GetAllCaches does not return full cache objects anymore. It returns an array of ICacheInfo, which contains basic properties about caches and does not contain operations for adding data. If you need to get full cache objects from ICacheInfo, use FindCacheByName with the name stored in ICacheInfo:

  • ICache FindCacheByName(string name), or

  • ICache<T> FindCacheByName<T>(string name)

Several caches use to contain indexes to improve performance when removing or retrieving cache records using partial keys. Caches with indexes have been refactored and indexes have been unified (except AcessResultCache and PathCache).

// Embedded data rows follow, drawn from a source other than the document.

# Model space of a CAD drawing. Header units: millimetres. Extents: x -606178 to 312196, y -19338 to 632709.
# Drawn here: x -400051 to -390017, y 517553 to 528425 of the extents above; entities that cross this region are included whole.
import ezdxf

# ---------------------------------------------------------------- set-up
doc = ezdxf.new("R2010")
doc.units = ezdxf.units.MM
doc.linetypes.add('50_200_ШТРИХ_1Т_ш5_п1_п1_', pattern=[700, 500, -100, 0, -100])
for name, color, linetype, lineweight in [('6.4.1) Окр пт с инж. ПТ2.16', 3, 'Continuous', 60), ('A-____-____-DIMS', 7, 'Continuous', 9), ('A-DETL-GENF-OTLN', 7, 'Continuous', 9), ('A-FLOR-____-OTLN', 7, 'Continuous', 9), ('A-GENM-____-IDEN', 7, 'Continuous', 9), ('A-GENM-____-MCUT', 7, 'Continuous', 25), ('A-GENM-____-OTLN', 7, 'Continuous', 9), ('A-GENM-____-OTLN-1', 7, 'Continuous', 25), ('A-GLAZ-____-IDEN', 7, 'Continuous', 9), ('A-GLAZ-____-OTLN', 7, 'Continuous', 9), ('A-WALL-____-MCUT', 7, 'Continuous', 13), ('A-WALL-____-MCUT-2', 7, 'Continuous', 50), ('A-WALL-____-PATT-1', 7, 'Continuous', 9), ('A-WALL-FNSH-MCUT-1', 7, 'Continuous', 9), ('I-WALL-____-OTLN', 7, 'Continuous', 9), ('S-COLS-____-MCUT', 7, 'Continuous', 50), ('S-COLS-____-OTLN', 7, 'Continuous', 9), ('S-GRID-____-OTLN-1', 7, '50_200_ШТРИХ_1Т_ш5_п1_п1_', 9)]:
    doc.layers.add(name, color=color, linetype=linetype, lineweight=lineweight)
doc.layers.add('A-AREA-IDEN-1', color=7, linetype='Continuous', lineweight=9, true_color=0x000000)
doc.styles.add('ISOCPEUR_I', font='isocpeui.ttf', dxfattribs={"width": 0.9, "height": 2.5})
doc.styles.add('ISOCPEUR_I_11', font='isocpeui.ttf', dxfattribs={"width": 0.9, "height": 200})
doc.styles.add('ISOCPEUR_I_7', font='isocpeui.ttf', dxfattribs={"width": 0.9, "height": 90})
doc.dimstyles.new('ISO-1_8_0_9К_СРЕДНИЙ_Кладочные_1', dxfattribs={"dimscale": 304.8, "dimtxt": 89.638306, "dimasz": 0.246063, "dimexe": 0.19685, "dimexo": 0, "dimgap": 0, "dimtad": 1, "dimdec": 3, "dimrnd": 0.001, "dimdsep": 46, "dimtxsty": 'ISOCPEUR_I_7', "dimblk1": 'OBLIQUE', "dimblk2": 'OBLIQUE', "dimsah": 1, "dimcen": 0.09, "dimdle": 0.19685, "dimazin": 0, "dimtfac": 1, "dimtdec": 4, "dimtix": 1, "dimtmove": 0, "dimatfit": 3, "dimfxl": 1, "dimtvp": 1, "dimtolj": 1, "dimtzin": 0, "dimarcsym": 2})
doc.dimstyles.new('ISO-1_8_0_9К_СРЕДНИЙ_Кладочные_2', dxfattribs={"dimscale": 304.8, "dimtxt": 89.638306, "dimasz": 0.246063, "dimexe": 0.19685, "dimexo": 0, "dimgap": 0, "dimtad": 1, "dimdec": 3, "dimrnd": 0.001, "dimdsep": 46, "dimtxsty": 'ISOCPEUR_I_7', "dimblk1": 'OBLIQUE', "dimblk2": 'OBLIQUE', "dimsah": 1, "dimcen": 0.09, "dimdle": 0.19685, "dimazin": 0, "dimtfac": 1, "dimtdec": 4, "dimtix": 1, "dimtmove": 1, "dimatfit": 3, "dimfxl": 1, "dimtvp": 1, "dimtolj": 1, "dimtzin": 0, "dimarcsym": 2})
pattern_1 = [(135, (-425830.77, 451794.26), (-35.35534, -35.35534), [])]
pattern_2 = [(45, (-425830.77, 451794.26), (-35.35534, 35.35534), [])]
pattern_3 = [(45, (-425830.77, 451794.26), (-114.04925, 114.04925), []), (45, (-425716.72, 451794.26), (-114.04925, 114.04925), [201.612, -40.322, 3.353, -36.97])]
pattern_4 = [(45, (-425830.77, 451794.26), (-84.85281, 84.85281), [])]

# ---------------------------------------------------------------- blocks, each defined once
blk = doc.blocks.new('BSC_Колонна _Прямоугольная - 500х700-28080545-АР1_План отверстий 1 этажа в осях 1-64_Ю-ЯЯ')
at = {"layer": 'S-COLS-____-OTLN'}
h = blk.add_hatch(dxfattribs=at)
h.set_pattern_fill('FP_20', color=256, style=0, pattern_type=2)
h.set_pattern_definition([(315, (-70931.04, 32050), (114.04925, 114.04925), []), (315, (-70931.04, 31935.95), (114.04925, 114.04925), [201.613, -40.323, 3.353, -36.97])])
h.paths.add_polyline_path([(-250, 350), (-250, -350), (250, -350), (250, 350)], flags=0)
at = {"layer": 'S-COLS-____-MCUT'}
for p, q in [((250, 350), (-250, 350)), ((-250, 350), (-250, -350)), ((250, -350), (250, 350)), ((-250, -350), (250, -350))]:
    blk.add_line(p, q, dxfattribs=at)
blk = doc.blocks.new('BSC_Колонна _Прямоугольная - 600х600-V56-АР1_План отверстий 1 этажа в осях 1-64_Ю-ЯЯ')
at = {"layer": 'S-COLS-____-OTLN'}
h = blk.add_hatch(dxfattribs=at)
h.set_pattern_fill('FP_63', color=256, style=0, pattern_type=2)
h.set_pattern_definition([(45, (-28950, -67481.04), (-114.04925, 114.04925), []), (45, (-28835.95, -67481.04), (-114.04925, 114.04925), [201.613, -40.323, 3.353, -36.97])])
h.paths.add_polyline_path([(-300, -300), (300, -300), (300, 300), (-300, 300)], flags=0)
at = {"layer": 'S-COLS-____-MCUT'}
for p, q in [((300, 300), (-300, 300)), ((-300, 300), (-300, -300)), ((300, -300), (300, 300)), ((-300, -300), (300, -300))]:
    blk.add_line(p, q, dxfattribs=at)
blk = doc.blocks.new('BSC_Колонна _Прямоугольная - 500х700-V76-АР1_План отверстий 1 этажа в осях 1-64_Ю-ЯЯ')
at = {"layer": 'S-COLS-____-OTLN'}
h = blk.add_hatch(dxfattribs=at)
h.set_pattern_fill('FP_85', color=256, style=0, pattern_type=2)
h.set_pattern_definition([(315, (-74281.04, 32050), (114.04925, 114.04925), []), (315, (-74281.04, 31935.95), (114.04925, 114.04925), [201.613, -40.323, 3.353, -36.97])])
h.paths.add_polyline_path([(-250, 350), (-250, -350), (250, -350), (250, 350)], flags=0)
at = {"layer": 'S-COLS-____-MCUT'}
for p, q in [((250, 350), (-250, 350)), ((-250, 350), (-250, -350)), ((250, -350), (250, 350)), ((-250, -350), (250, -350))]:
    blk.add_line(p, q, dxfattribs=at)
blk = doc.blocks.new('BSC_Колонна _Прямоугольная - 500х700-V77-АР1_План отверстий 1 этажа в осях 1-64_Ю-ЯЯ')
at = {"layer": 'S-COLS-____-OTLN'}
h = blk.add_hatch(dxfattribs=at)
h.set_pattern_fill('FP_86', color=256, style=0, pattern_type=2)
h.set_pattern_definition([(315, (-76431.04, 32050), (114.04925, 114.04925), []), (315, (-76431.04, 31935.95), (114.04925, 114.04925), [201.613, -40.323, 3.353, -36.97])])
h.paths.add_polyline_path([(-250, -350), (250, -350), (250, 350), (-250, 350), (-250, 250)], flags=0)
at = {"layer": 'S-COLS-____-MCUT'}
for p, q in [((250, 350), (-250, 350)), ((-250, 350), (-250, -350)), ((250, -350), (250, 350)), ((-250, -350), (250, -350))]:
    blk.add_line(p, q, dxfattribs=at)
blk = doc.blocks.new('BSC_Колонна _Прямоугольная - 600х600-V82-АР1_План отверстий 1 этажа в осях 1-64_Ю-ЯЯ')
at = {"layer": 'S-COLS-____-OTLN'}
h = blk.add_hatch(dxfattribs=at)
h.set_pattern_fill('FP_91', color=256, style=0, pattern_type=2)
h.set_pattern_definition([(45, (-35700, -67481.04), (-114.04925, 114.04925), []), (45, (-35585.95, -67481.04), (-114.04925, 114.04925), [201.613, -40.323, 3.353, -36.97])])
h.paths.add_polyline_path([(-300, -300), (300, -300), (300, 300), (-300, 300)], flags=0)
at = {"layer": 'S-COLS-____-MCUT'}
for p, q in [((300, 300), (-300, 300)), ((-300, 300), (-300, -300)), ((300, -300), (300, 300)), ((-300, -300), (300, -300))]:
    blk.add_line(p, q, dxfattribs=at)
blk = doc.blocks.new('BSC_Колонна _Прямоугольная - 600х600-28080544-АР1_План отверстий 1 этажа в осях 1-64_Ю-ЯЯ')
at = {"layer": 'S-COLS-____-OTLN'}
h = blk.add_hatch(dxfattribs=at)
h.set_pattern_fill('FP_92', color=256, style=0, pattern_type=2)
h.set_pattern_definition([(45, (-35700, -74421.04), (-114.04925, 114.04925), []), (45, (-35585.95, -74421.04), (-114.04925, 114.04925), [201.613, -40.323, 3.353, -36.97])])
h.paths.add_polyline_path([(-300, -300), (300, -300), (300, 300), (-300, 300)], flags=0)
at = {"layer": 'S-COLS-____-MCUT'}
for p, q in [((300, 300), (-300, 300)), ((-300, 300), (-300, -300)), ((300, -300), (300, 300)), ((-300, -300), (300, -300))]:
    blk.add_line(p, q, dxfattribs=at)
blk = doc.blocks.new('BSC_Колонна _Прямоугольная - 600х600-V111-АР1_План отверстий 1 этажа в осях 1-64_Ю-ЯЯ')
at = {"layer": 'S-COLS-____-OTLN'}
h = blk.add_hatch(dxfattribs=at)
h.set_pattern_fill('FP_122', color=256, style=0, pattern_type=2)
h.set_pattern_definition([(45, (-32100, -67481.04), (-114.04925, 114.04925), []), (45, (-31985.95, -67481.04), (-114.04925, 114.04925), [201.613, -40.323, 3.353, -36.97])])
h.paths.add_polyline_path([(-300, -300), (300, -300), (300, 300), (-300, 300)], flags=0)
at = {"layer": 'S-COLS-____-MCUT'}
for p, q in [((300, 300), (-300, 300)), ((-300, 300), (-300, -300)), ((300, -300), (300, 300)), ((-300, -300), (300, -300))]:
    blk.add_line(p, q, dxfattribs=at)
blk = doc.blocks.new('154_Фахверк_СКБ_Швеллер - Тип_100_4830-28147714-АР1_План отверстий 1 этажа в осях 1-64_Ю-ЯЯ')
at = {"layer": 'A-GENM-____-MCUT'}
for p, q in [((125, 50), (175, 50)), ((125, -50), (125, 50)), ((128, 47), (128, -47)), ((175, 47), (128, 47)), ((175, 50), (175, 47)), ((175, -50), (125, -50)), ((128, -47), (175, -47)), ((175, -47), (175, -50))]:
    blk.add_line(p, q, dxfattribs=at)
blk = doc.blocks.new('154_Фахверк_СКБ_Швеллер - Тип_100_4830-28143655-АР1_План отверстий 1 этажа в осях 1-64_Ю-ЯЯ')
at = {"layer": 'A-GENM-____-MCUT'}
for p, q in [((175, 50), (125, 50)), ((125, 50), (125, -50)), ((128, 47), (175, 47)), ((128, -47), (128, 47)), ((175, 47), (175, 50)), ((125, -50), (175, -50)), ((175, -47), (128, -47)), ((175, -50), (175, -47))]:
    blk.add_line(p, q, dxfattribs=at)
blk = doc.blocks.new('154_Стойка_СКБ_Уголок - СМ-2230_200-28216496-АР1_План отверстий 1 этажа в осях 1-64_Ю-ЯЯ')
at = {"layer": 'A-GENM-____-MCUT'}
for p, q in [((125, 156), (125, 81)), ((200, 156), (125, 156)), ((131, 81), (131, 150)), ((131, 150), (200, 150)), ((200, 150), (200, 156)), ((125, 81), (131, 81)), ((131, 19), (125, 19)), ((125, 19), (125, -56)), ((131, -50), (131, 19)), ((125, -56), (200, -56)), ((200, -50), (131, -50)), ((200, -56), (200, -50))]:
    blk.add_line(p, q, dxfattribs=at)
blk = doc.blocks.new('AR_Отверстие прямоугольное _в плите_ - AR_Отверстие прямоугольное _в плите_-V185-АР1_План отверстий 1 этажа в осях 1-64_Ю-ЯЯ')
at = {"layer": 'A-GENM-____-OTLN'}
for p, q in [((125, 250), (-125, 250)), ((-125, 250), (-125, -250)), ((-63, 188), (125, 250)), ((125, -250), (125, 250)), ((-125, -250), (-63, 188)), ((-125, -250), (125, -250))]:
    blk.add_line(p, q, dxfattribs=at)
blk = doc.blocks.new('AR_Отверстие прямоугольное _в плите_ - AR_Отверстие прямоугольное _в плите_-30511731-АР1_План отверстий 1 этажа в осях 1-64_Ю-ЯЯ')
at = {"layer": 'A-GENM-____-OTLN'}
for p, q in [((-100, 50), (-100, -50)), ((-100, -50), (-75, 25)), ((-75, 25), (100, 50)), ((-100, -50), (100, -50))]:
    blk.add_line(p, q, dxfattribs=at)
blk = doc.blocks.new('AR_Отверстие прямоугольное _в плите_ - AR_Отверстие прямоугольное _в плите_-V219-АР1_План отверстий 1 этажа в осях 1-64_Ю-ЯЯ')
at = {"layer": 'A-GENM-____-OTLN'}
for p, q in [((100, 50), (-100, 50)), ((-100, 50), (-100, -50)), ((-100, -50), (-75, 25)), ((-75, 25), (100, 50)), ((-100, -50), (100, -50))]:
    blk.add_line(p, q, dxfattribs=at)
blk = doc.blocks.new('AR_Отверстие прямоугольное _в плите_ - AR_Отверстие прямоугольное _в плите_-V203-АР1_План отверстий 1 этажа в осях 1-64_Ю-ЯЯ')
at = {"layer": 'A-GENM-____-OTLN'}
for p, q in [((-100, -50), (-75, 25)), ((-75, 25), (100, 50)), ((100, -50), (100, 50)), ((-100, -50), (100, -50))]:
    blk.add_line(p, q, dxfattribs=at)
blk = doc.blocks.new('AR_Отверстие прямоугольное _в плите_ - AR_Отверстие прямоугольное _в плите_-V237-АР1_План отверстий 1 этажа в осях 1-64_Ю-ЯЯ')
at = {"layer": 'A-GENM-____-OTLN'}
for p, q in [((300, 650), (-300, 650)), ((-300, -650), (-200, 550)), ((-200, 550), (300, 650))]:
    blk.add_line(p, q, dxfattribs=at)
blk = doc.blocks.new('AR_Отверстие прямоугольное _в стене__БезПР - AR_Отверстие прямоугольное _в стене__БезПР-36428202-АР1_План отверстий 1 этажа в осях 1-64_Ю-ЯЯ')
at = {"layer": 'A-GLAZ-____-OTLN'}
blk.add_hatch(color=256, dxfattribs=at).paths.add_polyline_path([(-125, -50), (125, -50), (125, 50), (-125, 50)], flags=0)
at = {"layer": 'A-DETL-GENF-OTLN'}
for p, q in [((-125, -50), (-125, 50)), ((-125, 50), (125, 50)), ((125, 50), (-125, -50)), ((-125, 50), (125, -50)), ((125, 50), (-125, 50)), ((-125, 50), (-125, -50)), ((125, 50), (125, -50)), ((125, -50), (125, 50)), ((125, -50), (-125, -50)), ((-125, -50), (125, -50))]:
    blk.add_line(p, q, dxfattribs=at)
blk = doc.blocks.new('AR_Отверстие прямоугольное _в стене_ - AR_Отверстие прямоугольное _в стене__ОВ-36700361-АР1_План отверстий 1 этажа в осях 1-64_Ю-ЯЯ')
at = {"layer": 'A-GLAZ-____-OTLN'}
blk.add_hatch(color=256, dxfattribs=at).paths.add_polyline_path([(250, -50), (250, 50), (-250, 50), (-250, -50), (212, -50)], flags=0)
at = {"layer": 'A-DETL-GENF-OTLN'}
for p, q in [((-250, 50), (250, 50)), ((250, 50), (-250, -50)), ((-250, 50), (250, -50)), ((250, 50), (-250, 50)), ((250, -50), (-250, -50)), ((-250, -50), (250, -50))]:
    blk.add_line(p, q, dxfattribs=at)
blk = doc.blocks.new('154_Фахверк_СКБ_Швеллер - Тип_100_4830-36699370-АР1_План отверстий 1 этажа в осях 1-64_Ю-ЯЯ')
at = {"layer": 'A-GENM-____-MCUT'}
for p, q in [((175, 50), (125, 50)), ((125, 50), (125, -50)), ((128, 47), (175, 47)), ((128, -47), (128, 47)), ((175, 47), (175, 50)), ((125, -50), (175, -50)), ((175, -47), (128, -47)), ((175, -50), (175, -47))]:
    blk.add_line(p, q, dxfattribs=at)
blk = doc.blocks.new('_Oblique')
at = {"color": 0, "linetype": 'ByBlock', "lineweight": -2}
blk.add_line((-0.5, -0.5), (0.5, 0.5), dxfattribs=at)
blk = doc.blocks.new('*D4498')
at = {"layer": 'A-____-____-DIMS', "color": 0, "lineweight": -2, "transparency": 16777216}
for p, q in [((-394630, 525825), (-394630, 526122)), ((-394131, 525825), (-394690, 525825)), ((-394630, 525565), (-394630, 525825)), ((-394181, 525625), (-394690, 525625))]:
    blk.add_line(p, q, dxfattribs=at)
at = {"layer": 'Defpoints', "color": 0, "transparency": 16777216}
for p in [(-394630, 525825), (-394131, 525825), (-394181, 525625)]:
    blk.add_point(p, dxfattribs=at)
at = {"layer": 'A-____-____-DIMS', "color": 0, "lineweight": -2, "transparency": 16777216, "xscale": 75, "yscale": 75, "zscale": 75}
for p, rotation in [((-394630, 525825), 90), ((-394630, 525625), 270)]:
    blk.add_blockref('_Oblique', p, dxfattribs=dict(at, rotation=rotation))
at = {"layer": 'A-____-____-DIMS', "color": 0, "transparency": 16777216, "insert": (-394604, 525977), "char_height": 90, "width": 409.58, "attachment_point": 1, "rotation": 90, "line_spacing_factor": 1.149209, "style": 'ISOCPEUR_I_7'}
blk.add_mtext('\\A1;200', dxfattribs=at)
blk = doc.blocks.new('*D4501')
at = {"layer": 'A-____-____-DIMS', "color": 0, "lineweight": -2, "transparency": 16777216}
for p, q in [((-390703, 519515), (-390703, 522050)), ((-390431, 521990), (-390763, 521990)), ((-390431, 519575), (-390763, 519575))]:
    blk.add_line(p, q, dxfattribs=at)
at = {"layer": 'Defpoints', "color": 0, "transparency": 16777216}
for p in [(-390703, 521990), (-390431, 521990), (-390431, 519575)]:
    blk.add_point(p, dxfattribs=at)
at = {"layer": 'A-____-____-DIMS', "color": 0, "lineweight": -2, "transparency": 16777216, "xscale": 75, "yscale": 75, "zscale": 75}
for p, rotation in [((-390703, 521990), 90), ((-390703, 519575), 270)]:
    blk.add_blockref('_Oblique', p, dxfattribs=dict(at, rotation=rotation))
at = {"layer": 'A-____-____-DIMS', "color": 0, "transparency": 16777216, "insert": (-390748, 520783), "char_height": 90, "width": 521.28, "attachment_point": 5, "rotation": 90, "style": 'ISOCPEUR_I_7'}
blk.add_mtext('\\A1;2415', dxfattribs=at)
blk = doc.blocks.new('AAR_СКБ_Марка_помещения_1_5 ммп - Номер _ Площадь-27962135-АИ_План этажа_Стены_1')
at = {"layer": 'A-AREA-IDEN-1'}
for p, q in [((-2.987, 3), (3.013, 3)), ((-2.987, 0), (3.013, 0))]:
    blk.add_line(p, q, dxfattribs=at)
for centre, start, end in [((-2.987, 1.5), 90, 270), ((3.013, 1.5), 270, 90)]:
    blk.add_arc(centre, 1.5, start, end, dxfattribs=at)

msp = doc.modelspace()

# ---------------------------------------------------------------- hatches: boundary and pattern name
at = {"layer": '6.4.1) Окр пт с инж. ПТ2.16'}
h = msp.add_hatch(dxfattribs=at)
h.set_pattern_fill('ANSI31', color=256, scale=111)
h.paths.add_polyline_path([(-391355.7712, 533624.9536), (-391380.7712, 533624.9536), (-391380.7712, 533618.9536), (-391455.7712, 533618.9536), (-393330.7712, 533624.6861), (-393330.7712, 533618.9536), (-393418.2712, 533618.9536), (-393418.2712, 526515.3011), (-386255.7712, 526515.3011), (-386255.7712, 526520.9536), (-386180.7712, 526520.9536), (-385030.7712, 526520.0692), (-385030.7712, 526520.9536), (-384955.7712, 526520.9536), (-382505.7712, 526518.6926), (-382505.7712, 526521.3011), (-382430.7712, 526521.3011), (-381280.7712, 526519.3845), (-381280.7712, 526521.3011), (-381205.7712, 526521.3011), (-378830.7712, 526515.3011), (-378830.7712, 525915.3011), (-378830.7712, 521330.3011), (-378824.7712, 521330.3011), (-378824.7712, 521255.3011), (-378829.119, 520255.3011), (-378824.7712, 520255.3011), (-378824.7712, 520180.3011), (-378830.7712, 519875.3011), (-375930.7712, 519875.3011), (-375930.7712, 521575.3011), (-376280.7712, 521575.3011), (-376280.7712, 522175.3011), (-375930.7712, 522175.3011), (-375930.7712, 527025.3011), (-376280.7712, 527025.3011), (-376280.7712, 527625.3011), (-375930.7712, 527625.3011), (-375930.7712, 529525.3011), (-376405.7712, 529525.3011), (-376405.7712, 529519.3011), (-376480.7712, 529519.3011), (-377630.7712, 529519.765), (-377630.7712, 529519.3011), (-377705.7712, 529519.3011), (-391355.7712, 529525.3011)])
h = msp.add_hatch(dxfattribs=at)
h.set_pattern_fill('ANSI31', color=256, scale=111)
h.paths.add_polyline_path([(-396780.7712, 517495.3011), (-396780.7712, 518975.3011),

Cache containers that support indexing implement the IIndexedCache<T> interface. Because several caches (for example, ItemCache, and IsUserInRoleCache) had the same functionality, they have been unified. Each of them inherits CustomIndexedCache and has the GetIndexedCache method that enables you to specify custom implementation of IIndexedCache for the cache container. By default, IndexedCache<T> is used.

Indexes are hidden inside a cache and end users do not see them. They all inherit from the BaseCacheIndex base class. This class contains a default implementation for indexes. With each call of the indexedCache.Add or indexedCache.Remove, the appropriate method is called in the cache index. In order to define which keys should be used for indexing, ICacheIndex contains the GetIndexKeys method. For each index key returned, the index stores the current cache key. For example: IsUserInRole GetIndexKeys returns the account name and the role name, which means that for the cache key AccountName = “User”, RoleName = “Admin”, two index entries with the same cache key are created: one for the user and one for the role.

Follow these best practices when you work with the Cache API:

  • Avoid using the Cache class directly. Use the CacheManager class to retrieve an ICache object.

  • If you have complex keys or objects that you add to a cache, consider implementing the ICacheable interface for them. This enables you to define a size calculation inside the GetDataLength method and avoid expensive size calculation in strategy.

  • When you to add indexes for a cache, inherit from CustomIndexedCache<TKey>. Instantiate IIndexedCache in the GetIndexedCache method. You can use IndexedCache<T> by default. Then, implement ICacheIndex (inherit from BaseCacheIndex). It contains all the basic logic for working with indexes, but implement GetIndexKeys because this lets you define which keys are used to store data in the index.